As Prime Minister Anthony Albanese prepares to visit Beijing, the enmity between China and the United States — Australia’s largest trading partner and strategic ally respectively — serves as an obstacle to Australia’s efforts to calm tensions and improve trade flows with China.
The diplomatic spat was inflamed in the past week after US Secretary of State Antony Blinken finally visited China to have a rare meeting with Chinese President Xi Jinping, the latest attempt by the two nations to improve their relationship. Blinken and Xi said the two sides had made progress, but only a day later another war of words erupted when US President Joe Biden called Xi a dictator.
The tension between the two risks blowback for Australia because of our increasingly close alignment with America under the AUKUS alliance and the Quad — the US, Australia, Japan and India — and with China warning in March that Australia’s decision to acquire nuclear submarines was a “path of error and danger”.
But strategic concerns may soon take second place to China’s stuttering economy.

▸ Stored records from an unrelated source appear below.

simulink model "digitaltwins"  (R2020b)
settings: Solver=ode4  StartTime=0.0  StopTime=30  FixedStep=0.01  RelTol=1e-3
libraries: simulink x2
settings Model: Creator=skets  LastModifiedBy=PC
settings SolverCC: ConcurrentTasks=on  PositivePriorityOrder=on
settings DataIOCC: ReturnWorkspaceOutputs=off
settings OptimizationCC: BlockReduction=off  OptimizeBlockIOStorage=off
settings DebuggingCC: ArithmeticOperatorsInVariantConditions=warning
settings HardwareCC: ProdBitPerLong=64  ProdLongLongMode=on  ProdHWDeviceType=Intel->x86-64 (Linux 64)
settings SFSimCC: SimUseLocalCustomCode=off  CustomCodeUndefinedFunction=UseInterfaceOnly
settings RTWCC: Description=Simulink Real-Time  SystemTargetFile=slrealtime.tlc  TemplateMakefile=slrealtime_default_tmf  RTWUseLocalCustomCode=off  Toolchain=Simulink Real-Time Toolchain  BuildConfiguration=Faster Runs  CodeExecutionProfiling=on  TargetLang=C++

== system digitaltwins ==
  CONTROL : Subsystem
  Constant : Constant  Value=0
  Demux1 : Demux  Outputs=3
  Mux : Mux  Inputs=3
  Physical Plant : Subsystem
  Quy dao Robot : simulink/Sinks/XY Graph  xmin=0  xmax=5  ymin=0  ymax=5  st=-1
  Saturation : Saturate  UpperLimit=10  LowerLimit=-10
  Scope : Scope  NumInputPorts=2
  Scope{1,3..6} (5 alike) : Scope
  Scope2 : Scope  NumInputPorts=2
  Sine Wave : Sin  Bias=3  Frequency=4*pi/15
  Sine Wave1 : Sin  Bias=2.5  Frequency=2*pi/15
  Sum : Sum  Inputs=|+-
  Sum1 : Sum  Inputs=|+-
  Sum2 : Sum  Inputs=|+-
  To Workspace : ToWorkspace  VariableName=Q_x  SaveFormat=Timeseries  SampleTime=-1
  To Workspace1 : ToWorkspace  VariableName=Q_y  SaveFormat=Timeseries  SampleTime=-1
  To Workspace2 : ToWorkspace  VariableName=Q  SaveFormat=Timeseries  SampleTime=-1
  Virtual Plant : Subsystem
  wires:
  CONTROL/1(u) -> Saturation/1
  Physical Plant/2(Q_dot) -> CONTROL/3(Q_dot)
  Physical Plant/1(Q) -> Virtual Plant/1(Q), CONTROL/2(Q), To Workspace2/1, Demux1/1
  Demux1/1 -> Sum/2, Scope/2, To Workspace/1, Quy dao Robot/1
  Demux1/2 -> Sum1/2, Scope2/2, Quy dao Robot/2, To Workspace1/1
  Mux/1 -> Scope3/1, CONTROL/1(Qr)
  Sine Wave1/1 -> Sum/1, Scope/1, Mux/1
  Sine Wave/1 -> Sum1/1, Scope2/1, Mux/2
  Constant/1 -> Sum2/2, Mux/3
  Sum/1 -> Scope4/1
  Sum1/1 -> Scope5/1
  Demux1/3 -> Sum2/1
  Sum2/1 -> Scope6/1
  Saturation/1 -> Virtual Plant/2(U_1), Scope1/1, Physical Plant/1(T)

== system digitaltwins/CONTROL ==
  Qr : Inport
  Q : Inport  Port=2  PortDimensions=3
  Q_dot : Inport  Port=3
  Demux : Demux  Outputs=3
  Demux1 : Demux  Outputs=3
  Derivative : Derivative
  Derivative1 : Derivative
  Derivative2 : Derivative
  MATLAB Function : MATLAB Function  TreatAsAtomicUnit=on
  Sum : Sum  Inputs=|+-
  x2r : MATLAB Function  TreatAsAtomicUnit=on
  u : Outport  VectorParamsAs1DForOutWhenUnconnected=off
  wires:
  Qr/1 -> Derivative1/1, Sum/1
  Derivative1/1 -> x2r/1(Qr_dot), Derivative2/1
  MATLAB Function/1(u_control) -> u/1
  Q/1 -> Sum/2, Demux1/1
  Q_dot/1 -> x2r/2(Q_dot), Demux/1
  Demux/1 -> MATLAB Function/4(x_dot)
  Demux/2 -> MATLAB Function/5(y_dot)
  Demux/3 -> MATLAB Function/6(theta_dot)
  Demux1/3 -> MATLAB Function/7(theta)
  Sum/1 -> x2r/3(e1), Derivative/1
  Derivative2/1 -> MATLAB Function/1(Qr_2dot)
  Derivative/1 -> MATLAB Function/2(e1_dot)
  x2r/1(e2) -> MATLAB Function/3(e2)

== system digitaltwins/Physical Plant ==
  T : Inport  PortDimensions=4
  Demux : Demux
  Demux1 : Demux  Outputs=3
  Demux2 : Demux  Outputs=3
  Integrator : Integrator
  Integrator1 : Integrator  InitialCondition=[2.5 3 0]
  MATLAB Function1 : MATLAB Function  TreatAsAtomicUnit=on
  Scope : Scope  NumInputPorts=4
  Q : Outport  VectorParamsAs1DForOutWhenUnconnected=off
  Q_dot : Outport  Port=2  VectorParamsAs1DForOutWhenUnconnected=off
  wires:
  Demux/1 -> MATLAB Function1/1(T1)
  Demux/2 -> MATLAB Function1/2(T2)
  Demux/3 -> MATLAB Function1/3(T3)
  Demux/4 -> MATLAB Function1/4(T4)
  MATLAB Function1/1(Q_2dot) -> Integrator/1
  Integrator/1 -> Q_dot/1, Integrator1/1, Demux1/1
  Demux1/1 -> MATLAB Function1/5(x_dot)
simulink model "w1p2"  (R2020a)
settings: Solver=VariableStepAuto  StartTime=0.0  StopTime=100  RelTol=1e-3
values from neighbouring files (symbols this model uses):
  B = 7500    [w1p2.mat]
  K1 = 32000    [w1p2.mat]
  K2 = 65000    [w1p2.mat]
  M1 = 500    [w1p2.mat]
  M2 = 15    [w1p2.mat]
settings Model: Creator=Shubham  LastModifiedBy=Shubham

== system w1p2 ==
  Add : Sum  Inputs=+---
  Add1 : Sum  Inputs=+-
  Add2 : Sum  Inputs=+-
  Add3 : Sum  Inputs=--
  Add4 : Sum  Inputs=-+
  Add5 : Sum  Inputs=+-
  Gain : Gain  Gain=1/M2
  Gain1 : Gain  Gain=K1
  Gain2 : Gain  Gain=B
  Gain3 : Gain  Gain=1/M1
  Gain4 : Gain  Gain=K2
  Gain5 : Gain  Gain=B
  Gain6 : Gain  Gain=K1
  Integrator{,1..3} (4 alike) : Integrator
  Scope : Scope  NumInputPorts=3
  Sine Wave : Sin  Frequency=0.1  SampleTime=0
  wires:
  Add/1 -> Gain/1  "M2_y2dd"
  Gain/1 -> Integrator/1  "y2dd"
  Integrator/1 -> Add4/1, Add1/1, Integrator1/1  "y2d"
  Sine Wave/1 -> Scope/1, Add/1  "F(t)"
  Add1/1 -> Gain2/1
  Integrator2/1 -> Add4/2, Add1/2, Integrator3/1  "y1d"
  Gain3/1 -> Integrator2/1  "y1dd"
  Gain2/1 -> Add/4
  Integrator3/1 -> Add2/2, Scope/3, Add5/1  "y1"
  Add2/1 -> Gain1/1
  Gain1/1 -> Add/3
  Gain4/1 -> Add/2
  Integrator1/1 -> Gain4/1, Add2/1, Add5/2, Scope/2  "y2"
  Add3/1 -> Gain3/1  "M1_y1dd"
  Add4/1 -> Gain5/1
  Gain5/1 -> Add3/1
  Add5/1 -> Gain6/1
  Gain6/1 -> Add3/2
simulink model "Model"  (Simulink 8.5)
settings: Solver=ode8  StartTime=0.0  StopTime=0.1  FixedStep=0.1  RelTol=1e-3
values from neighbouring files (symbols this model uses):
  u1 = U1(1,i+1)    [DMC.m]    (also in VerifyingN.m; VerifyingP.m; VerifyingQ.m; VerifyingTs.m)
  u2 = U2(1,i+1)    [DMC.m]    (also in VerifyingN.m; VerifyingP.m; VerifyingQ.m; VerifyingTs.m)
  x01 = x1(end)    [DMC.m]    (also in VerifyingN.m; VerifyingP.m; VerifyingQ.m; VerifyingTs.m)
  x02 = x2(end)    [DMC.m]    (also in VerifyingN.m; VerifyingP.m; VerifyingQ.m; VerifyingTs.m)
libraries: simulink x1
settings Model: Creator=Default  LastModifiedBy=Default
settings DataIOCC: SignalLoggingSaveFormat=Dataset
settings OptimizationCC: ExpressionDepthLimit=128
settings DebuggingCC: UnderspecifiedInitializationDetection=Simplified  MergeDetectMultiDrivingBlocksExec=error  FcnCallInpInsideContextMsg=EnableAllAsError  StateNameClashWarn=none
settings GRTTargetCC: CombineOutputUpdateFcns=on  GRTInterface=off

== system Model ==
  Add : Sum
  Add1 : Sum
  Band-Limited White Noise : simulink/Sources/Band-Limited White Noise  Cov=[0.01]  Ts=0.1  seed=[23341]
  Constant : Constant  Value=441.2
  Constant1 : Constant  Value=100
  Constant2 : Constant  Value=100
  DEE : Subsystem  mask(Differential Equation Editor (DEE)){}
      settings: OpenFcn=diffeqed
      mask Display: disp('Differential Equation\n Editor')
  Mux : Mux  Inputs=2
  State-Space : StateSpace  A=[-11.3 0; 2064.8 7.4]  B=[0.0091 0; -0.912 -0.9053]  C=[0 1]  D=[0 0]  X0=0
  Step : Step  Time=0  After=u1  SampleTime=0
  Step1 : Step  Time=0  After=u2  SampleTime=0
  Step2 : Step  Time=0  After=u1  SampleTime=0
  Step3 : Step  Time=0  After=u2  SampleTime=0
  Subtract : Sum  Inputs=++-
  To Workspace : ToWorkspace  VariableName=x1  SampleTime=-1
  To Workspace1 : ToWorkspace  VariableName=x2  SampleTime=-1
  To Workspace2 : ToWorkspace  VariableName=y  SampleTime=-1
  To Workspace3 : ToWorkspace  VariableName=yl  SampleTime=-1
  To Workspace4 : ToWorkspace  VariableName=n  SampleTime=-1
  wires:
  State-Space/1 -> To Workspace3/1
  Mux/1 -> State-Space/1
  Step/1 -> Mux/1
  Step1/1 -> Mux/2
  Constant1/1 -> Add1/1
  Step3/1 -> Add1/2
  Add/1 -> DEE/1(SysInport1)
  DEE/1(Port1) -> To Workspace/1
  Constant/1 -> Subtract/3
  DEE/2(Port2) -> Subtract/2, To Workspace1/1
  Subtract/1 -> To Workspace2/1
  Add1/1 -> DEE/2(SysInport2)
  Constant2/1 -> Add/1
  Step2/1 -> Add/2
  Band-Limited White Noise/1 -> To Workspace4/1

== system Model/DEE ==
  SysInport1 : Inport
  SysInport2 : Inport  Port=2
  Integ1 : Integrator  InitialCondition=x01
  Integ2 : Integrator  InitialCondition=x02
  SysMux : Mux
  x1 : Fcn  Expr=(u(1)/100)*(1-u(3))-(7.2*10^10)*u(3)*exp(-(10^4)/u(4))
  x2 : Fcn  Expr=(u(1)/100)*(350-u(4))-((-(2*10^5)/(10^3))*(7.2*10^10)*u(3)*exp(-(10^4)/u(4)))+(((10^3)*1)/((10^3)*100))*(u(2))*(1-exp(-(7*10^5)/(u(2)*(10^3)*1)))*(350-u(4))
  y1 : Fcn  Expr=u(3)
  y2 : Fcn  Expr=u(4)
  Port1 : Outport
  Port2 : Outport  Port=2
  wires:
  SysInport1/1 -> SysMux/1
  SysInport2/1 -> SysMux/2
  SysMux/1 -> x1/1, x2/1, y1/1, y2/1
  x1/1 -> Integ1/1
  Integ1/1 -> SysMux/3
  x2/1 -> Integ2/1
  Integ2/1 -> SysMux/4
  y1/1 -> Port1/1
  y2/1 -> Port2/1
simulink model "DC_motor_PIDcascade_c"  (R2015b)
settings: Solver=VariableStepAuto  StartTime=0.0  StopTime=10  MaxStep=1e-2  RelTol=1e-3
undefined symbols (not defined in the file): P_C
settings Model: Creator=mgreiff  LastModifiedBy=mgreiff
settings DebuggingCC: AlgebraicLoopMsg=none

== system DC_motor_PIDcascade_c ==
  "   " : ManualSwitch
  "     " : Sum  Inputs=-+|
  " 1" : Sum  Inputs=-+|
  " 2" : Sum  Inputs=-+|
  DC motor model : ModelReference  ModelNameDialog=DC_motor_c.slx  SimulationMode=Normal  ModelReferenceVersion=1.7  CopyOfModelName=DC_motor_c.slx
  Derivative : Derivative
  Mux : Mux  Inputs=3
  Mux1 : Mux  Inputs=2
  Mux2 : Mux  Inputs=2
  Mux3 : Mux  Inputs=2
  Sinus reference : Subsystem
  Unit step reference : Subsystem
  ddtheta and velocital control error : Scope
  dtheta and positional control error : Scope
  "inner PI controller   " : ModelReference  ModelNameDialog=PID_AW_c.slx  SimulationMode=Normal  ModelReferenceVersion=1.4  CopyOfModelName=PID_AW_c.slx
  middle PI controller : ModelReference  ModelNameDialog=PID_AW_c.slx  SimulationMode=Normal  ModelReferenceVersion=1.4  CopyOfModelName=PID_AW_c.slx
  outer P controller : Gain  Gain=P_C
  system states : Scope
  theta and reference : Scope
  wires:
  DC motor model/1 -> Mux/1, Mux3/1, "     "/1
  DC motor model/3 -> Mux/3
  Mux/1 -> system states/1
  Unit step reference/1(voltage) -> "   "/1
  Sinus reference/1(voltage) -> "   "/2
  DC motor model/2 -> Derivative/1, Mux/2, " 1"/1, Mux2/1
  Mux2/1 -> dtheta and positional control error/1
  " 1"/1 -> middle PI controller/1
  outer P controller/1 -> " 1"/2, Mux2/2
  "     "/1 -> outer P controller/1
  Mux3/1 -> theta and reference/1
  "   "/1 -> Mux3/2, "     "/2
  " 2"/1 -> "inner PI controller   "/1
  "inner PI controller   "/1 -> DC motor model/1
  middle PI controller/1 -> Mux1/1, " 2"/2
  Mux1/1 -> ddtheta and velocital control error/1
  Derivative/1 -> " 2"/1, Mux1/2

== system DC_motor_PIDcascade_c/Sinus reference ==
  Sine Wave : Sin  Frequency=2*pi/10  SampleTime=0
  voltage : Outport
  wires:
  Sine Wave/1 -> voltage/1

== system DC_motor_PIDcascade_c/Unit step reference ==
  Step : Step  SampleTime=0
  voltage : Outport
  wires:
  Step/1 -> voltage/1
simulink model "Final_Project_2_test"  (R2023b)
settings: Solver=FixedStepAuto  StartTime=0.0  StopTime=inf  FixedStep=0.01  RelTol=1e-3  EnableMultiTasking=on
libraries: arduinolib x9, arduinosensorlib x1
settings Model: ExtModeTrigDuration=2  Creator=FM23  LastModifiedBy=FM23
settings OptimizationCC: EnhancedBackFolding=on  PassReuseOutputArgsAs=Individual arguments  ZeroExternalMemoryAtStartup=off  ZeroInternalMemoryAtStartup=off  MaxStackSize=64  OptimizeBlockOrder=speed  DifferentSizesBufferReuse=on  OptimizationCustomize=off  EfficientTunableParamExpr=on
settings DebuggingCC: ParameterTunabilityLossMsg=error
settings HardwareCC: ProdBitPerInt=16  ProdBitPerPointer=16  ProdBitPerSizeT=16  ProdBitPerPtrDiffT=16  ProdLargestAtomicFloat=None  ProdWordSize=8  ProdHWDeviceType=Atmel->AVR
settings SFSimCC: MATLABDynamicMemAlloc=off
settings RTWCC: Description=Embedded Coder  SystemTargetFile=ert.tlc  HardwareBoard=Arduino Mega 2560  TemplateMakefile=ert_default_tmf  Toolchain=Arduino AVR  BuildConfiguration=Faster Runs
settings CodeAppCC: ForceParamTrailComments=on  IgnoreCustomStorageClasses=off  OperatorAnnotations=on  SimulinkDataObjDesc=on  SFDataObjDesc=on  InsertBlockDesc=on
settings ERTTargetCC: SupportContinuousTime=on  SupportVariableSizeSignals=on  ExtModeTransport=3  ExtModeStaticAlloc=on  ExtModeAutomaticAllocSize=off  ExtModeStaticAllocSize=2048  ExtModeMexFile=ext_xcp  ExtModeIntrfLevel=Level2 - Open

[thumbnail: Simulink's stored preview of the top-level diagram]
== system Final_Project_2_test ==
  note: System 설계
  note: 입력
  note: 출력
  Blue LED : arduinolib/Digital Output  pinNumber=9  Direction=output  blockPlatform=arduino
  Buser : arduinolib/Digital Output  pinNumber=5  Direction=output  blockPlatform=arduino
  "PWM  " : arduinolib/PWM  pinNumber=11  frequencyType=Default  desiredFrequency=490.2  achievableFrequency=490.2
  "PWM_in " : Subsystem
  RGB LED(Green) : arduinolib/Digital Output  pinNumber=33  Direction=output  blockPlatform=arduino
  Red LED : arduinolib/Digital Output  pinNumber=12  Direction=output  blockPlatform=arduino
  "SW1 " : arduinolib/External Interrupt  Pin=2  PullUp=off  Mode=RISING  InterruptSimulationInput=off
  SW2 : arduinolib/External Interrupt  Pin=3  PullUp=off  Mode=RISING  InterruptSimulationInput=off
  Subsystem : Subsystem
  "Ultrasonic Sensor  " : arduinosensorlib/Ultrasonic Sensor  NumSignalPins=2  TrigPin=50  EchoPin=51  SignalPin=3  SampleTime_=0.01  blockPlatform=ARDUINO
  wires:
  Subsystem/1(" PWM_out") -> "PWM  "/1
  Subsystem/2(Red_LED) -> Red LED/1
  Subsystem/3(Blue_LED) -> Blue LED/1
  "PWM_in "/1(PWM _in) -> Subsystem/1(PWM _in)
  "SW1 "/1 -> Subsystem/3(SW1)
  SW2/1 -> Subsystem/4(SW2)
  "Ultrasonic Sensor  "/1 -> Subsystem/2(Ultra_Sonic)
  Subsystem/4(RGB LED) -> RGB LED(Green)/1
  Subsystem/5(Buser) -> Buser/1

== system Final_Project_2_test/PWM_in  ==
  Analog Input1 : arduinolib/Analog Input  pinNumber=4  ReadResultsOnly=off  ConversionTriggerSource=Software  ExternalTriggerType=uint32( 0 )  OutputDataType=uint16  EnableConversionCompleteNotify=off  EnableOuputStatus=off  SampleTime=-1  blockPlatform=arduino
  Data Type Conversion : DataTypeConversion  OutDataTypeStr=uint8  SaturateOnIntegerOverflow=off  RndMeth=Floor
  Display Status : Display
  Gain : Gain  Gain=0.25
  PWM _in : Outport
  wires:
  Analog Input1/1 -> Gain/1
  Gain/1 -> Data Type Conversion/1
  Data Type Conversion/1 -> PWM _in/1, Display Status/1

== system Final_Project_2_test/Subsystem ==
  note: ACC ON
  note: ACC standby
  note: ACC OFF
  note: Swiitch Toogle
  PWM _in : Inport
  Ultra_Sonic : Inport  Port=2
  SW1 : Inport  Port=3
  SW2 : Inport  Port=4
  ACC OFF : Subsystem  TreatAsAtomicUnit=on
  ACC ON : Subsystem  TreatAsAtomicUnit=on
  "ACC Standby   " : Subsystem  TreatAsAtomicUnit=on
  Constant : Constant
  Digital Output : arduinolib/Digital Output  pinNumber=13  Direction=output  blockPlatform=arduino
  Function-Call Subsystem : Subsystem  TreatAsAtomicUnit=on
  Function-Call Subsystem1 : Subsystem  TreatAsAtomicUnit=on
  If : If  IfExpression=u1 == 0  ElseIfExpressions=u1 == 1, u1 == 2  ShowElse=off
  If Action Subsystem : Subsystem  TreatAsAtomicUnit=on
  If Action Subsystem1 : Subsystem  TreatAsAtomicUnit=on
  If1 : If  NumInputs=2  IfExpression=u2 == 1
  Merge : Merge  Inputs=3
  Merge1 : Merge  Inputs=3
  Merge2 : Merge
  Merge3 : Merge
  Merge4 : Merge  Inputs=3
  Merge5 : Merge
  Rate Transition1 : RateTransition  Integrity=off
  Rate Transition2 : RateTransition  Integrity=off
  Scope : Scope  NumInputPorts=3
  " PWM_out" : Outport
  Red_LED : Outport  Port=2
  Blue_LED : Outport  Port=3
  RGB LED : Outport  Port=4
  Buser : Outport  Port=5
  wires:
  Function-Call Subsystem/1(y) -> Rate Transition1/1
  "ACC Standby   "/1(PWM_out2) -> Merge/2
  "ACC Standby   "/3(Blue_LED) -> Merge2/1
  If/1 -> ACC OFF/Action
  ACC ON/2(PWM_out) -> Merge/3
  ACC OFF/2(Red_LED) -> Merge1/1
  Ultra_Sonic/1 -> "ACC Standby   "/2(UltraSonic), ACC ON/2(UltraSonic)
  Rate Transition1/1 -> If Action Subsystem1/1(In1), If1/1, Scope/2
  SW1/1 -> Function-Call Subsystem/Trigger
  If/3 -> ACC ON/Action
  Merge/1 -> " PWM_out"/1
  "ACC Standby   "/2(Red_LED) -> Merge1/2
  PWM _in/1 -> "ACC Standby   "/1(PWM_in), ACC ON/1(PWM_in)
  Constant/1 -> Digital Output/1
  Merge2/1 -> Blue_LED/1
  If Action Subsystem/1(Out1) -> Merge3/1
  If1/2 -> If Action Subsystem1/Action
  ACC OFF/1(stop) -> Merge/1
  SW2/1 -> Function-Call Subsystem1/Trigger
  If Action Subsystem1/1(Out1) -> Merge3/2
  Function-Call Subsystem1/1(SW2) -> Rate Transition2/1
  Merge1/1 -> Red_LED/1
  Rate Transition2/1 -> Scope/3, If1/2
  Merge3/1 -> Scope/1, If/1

If this trend were to continue — and most signs are that it will — improved trade ties in smaller-ticket items such as wine, fruit and lobsters are unlikely to compensate for the impact an economic slump would have on Australia’s exports.
PM coy on date of visit
Despite sniping from Beijing about Australia’s strategic alliances, trade relations with China appear to be coming back on track. Markets for coal, barley and a range of agricultural products have reopened — although there are still blockages for wine and other goods.
China has decided to normalise things — well, a new normal at least — and is now the one waiting. It was recently reported that the roadblock to Albanese’s visit to China is Canberra rather than Beijing, with Chinese officials frustrated at his failure to lock down a date. Perhaps there is some sense of payback from Canberra after China froze all high-level contracts during the last four years of the Coalition government.
On Sunday, Albanese appeared to be once more warming up for a visit while still being coy about timing. “We’ll finalise the date at an appropriate time”, he said in an interview on the vehemently anti-Beijing Sky News about China. “The truth is that it is in Australia’s interest to export to China, but it’s also in China’s interest to receive those exports.”
He added that his next overseas trip would be to the NATO summit in Vilnius, Lithuania, in July. This is now becoming typical, as Albanese is more engaged with bigger global summits such as the G7 and NATO, neither of which Australia is a member of. He appears to be leaving the heavy lifting in China — and the region — to Foreign Affairs Minister Penny Wong and Trade Minister Don Farrell.
As well as trade, where an improving environment for citrus growers is the latest “win”, there is the pressing issue of journalist Cheng Lei and writer Yang Hengjun who have been detained in China for several years: “Cheng Lei … should be released and should be allowed to come home to Australia.”
It won’t help Albanese that Biden explicitly said Xi was unhappy about the Quad. Biden said he had previously told Xi the US was not trying to encircle China with the Quad: “He called me and told me not to do that because it was putting him in a bind.”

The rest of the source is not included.